Meydan savaşına dönen olayın bilançosu 17 ölü ve 67 yaralıydı.Bu olay o zaman hiçbir şekilde basına yansıtılmadı. Ve haksızlıklara uzanan hiçbir el olmadı. Ölenlerin 4’ü çocuktu hayatlarının baharında yaşama veda etmişlerdi. Ya ardında çeyizliklerini sahipsiz bırakan nişanlı gençlerin olması daha acı değil midir? Kimi yaralılar ise olaydan 4-5 sene sonra hayata veda etmişler, kimileri de daha sakat ve hiçbir iş yapamıyorlar.
Olaylarda özel hareketin ateş açma sebebine gelince, akıllara sığmayan bir neden; kitle içinde bize roket atarlarla ateş açıldı, bizde karşılık verdik. İnsanlar bir parça ekmeğin derdine düşmüşken , roketi,silahı her adı neyse nerede bulsunlar.Yollarda sürekli arama varken, her şeye ambargo koyulmuşken, insanlar roketi nereden getirmişti. Bu mantıksızlık yüce Türk Anayasasında hakların da dava açılan 8 özel hareketçi dava süresince hiçbir davaya katılmamış. Mahkemede 40’ın üzerinde duruşma görüldü. 24 Şubat 2006 tarihinde çıkan kararda sanık polisler aklandı. Polisler hakkında olaylarda ’meşru müdafaa’ yaptıkları gerekçe gösterilerek, beraat kararı verildi.
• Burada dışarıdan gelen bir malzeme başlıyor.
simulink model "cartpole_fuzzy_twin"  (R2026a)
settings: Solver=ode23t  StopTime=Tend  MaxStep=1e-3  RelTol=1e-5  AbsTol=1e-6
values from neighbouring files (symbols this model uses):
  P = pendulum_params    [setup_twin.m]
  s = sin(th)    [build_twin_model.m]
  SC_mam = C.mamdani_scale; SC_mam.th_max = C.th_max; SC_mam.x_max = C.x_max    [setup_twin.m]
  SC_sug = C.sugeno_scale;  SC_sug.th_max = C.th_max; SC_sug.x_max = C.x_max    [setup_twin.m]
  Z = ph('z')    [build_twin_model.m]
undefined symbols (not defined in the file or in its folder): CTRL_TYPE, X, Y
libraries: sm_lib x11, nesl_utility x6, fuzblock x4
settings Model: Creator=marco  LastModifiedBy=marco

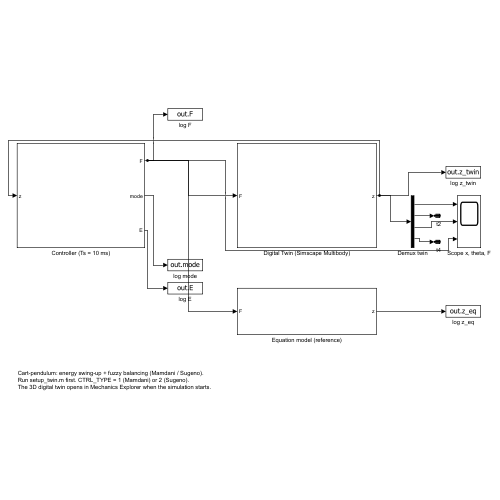
[thumbnail: Simulink's stored preview of the top-level diagram]
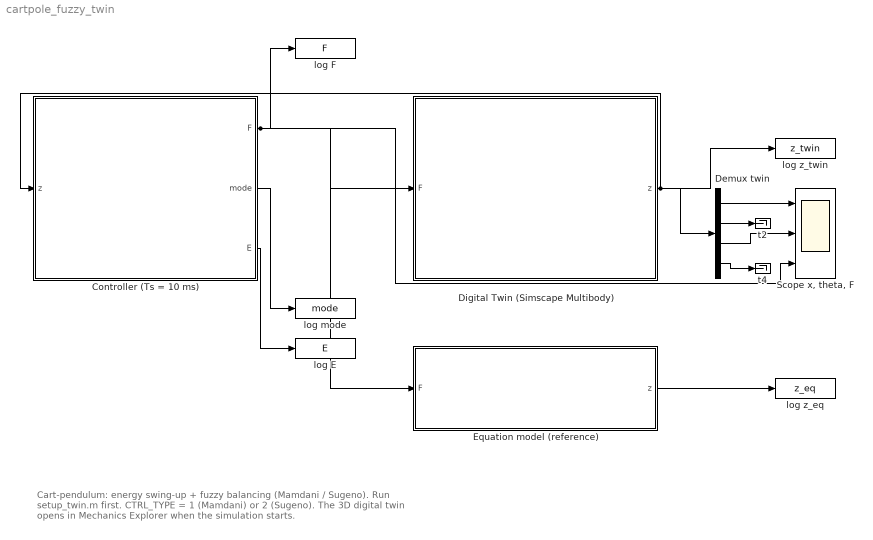
== system cartpole_fuzzy_twin ==
  note: Cart-pendulum: energy swing-up + fuzzy balancing (Mamdani / Sugeno).
      | Run setup_twin.m first. CTRL_TYPE = 1 (Mamdani) or 2 (Sugeno).
      | The 3D digital twin opens in Mechanics Explorer when the simulation starts.
  Controller (Ts = 10 ms) : Subsystem
  Demux twin : Demux
  Digital Twin (Simscape Multibody) : Subsystem
  Equation model (reference) : Subsystem
  "Scope x, theta, F" : Scope  NumInputPorts=3
  log E : ToWorkspace  VariableName=E  SaveFormat=Timeseries  SampleTime=-1
  log F : ToWorkspace  VariableName=F  SaveFormat=Timeseries  SampleTime=-1
  log mode : ToWorkspace  VariableName=mode  SaveFormat=Timeseries  SampleTime=-1
  log z_eq : ToWorkspace  VariableName=z_eq  SaveFormat=Timeseries  SampleTime=-1
  log z_twin : ToWorkspace  VariableName=z_twin  SaveFormat=Timeseries  SampleTime=-1
  t2 : Terminator
  t4 : Terminator
  wires:
  Controller (Ts = 10 ms)/1(F) -> Digital Twin (Simscape Multibody)/1(F), Equation model (reference)/1(F), log F/1, "Scope x, theta, F"/3
  Digital Twin (Simscape Multibody)/1(z) -> Controller (Ts = 10 ms)/1(z), log z_twin/1, Demux twin/1
  Equation model (reference)/1(z) -> log z_eq/1
  Controller (Ts = 10 ms)/2(mode) -> log mode/1
  Controller (Ts = 10 ms)/3(E) -> log E/1
  Demux twin/1 -> "Scope x, theta, F"/1
  Demux twin/3 -> "Scope x, theta, F"/2
  Demux twin/2 -> t2/1
  Demux twin/4 -> t4/1

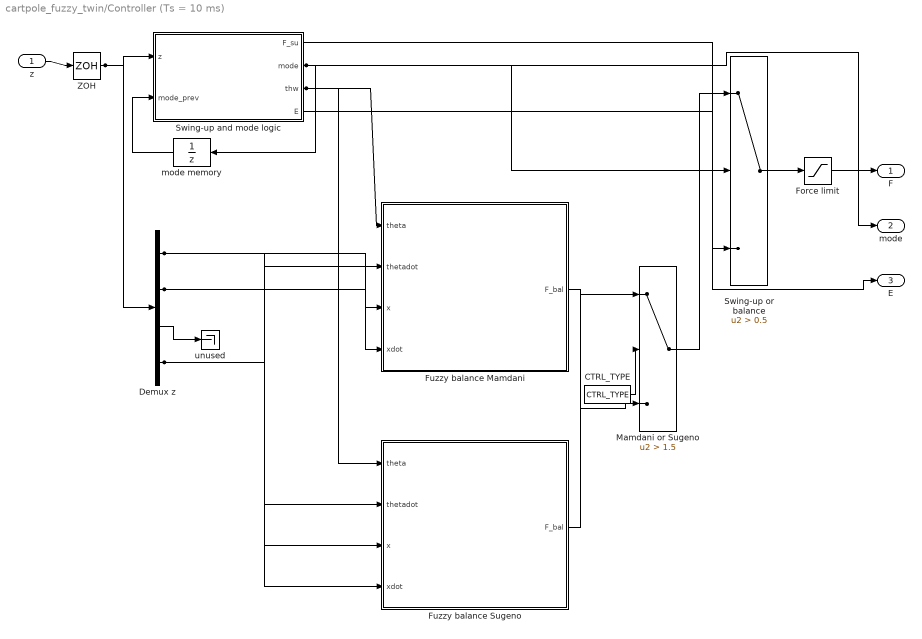
== system cartpole_fuzzy_twin/Controller (Ts = 10 ms) ==
  z : Inport
  CTRL_TYPE : Constant  Value=CTRL_TYPE
  Demux z : Demux
  Force limit : Saturate  UpperLimit=P.Fmax  LowerLimit=-P.Fmax
  Fuzzy balance Mamdani : Subsystem
  Fuzzy balance Sugeno : Subsystem
  Mamdani or Sugeno : Switch  Criteria=u2 > Threshold  Threshold=1.5  SaturateOnIntegerOverflow=off  InputSameDT=off
  Swing-up and mode logic : MATLAB Function  TreatAsAtomicUnit=on
  Swing-up or balance : Switch  Criteria=u2 > Threshold  Threshold=0.5  SaturateOnIntegerOverflow=off  InputSameDT=off
  ZOH : ZeroOrderHold  SampleTime=P.Ts
  mode memory : UnitDelay  SampleTime=P.Ts
  unused : Terminator
  F : Outport
  mode : Outport  Port=2
  E : Outport  Port=3
  wires:
  z/1 -> ZOH/1
  ZOH/1 -> Swing-up and mode logic/1(z), Demux z/1
  mode memory/1 -> Swing-up and mode logic/2(mode_prev)
  Swing-up and mode logic/2(mode) -> mode memory/1, Swing-up or balance/2, mode/1
  Swing-up and mode logic/3(thw) -> Fuzzy balance Mamdani/1(theta), Fuzzy balance Sugeno/1(theta)
  Demux z/4 -> Fuzzy balance Mamdani/2(thetadot), Fuzzy balance Sugeno/2(thetadot)
  Demux z/1 -> Fuzzy balance Mamdani/3(x), Fuzzy balance Sugeno/3(x)
  Demux z/2 -> Fuzzy balance Mamdani/4(xdot), Fuzzy balance Sugeno/4(xdot)
  Fuzzy balance Mamdani/1(F_bal) -> Mamdani or Sugeno/3
  Fuzzy balance Sugeno/1(F_bal) -> Mamdani or Sugeno/1
  CTRL_TYPE/1 -> Mamdani or Sugeno/2
  Mamdani or Sugeno/1 -> Swing-up or balance/1
  Swing-up and mode logic/1(F_su) -> Swing-up or balance/3
  Swing-up or balance/1 -> Force limit/1
  Force limit/1 -> F/1
  Swing-up and mode logic/4(E) -> E/1
  Demux z/3 -> unused/1

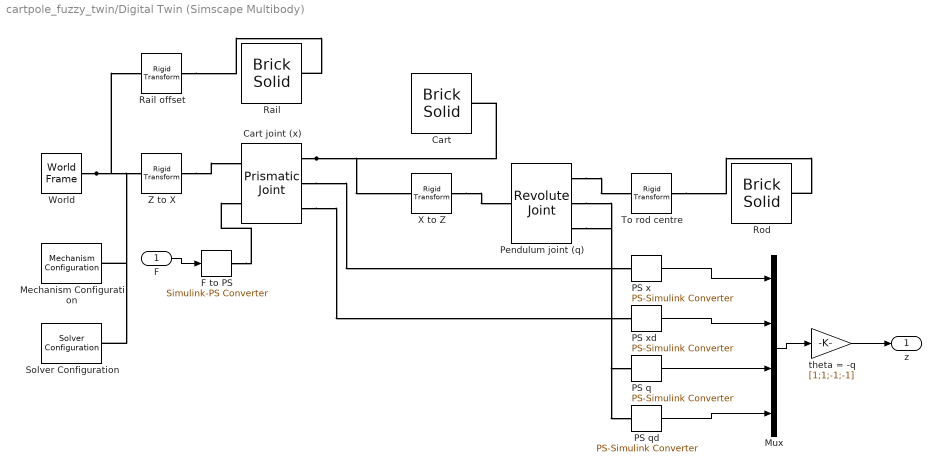
== system cartpole_fuzzy_twin/Digital Twin (Simscape Multibody) ==
  F : Inport
  Cart : sm_lib/Body Elements/Brick Solid  BrickDimensions=[0.16 0.08 0.25]  BrickDimensionsUnits=m  ExportEntireGeometry=off  InertiaType=Custom  BasedOnType=Density  Density=1000  DensityUnits=kg/m^3  Mass=P.M  MassUnits=kg  CenterOfMass=[0 0 0]  CenterOfMassUnits=m  MomentsOfInertia=[1e-3 1e-3 1e-3]  MomentsOfInertiaUnits=kg*m^2  ProductsOfInertia=[0 0 0]  ProductsOfInertiaUnits=kg*m^2  GraphicType=FromGeometry  MarkerShape=Sphere  MarkerSize=10  GraphicVisPropType=SimpleVisualProperties  GraphicDiffuseColor=[0.15 0.35 0.75]  GraphicOpacity=1  GraphicSpecularColor=[0.5 0.5 0.5 1.0]  GraphicAmbientColor=[0.15 0.15 0.15 1.0]  GraphicEmissiveColor=[0.0 0.0 0.0 1.0]  GraphicShininess=75  DoExposeReferenceFrame=on  SerializedFrames=<Frames/>
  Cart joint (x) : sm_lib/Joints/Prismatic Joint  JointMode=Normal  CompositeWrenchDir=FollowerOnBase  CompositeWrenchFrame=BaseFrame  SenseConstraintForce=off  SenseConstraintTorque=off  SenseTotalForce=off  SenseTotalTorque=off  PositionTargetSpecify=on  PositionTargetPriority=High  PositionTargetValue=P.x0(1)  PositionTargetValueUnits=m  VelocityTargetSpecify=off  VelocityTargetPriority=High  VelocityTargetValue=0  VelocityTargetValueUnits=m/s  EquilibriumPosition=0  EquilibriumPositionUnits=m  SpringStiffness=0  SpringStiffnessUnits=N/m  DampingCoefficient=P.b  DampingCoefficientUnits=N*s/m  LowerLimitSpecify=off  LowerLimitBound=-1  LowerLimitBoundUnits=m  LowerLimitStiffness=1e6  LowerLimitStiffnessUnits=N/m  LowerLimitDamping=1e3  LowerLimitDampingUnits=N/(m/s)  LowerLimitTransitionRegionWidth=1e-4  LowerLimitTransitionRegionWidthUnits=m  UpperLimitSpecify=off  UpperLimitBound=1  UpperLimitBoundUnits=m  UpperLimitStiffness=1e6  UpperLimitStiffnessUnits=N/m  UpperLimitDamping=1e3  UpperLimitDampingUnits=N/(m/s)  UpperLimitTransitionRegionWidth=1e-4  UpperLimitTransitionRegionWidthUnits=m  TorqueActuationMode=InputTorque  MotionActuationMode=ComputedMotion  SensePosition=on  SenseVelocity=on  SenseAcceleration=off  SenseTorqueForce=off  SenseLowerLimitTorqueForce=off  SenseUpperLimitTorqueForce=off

Beraat kararı kamuoyunda büyük yankı uyandırdı, ancak tutuksuz yargılandıkları dönem hiçbir duruşmaya katılmayan sanık polisler başka illerde görev yapmaya devam etti.
Bu olaylar ,devletin,İnsanları değersizleştirmenin,öteleştirmenin ve bütün gücü elinde tutarak insanlara yaptığı zülmün bir kanıtıdır. İnsanları köleleştirmenin insan onuruna sıkılan her kurşunun birgün yalım yalım yanan ateş olacağını bilmiyor muydu.? AİHM’ de bu olayı Türkiye için kara leke ve insanlara verilen değersizlik olarak tanımlarken, suçluların elini kolunu sallayarak gezmesi de devlet eliyle yapılan resmi bir katliamın kanıtdır.
Üzerinden 10 yıl geçmesine rağmen o olayların ve acıların hiçbiri unutulmadı ve unutulmayacakta.Çünkü bu olay tek değildi; Munzur,Özalp(33 kurşun), Zilan, Nevala Kasaba ve son olarak Digor…….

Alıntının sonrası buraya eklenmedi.